LukeLike ha scritto:


> Si avvicina il ritorno in porta di Mike Maignan che sta bruciando le tappe. Come riporta Gianluca di Marzio, il francese si è allenato per la prima volta in porta dall'infortunio e si può considerare clinicamente guarito.
> 
> *Sky: Maignan presto in gruppo. Andrà inizialmente in panchina per poi tornare titolare.*


speriamo stia facendo tutto per bene. non mi fido dei Labs


----------



## admin (21 Novembre 2021)

LukeLike ha scritto:


> Si avvicina il ritorno in porta di Mike Maignan che sta bruciando le tappe.
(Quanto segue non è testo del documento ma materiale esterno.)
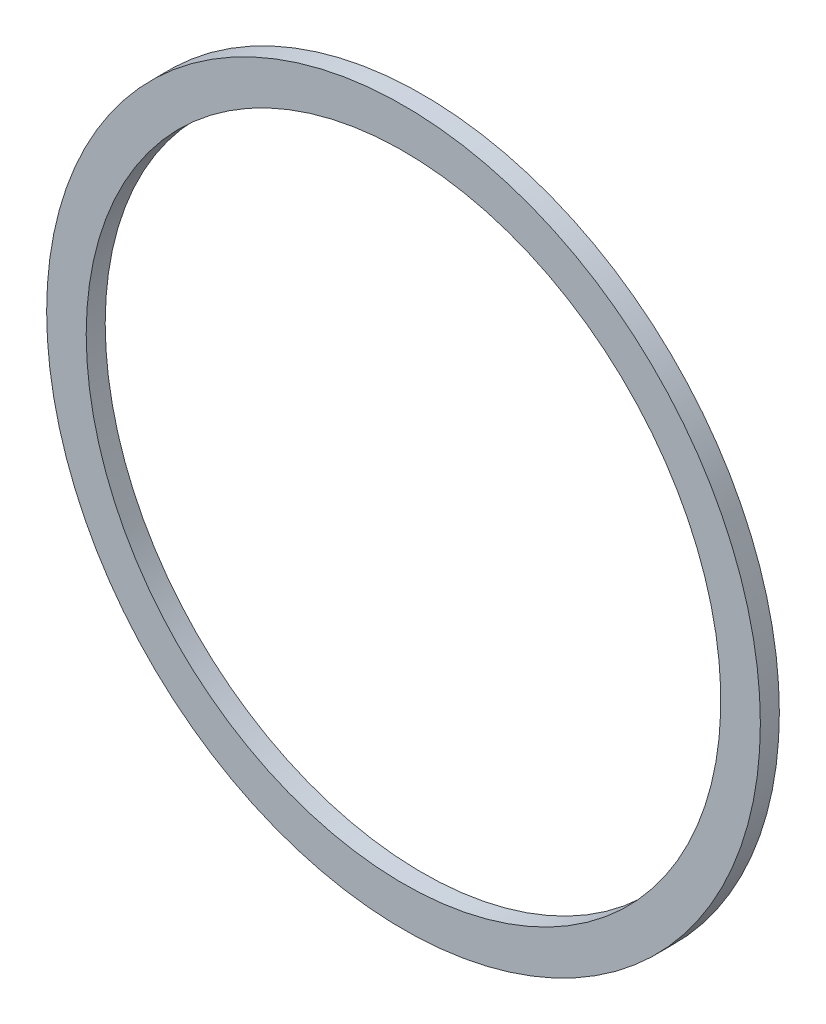
SolidWorks part; units mm, degrees
material "AISI 1020"
ref_plane "Front Plane" through (0, 0, 0) normal (0, 0, 1) x (1, 0, 0)
ref_plane "Top Plane" through (0, 0, 0) normal (0, 1, 0) x (1, 0, 0)
ref_plane "Right Plane" through (0, 0, 0) normal (1, 0, 0) x (0, 0, -1)
sketch "Sketch1" plane through (0, 0, 0) normal (0, 0, 1) x (1, 0, 0)
  circle A0 centre (0, 0) radius 50.927
  circle A1 centre (0, 0) radius 50.8 construction
  circle A2 centre (0, 0) radius 57.277
  dimension "D1" = 0.127
  dimension "D2" = 6.35
extrude "Boss-Extrude1" add sketch "Sketch1" along normal blind 3.048 contours A0 | A2 region at (0, 0, 0)

Come riporta Gianluca di Marzio, il francese si è allenato per la prima volta in porta dall'infortunio e si può considerare clinicamente guarito.
> 
> *Sky: Maignan presto in gruppo. Andrà inizialmente in panchina per poi tornare titolare.*


.


----------



## admin (21 Novembre 2021)

LukeLike ha scritto:


> Si avvicina il ritorno in porta di Mike Maignan che sta bruciando le tappe. Come riporta Gianluca di Marzio, il francese si è allenato per la prima volta in porta dall'infortunio e si può considerare clinicamente guarito.
> 
> *Sky: Maignan presto in gruppo. Andrà inizialmente in panchina per poi tornare titolare.*


.


----------



## WeedoMilan (21 Novembre 2021)

admin ha scritto:


> *Sky: Maignan presto in gruppo. Andrà inizialmente in panchina per poi tornare titolare.*


Quanto passa generalmente tra l’allenarsi in porta e l’allenarsi in gruppo?


----------



## Simo98 (21 Novembre 2021)

A questo punto speriamo che possa tornare per il 19 dicembre contro il Napoli?
Nelle prossime partite di campionato affrontiamo squadre abbordabili, contro cui in genere non subiamo tanto e possiamo farcela anche con Tata


----------



## admin (21 Novembre 2021)

WeedoMilan ha scritto:


> Quanto passa generalmente tra l’allenarsi in porta e l’allenarsi in gruppo?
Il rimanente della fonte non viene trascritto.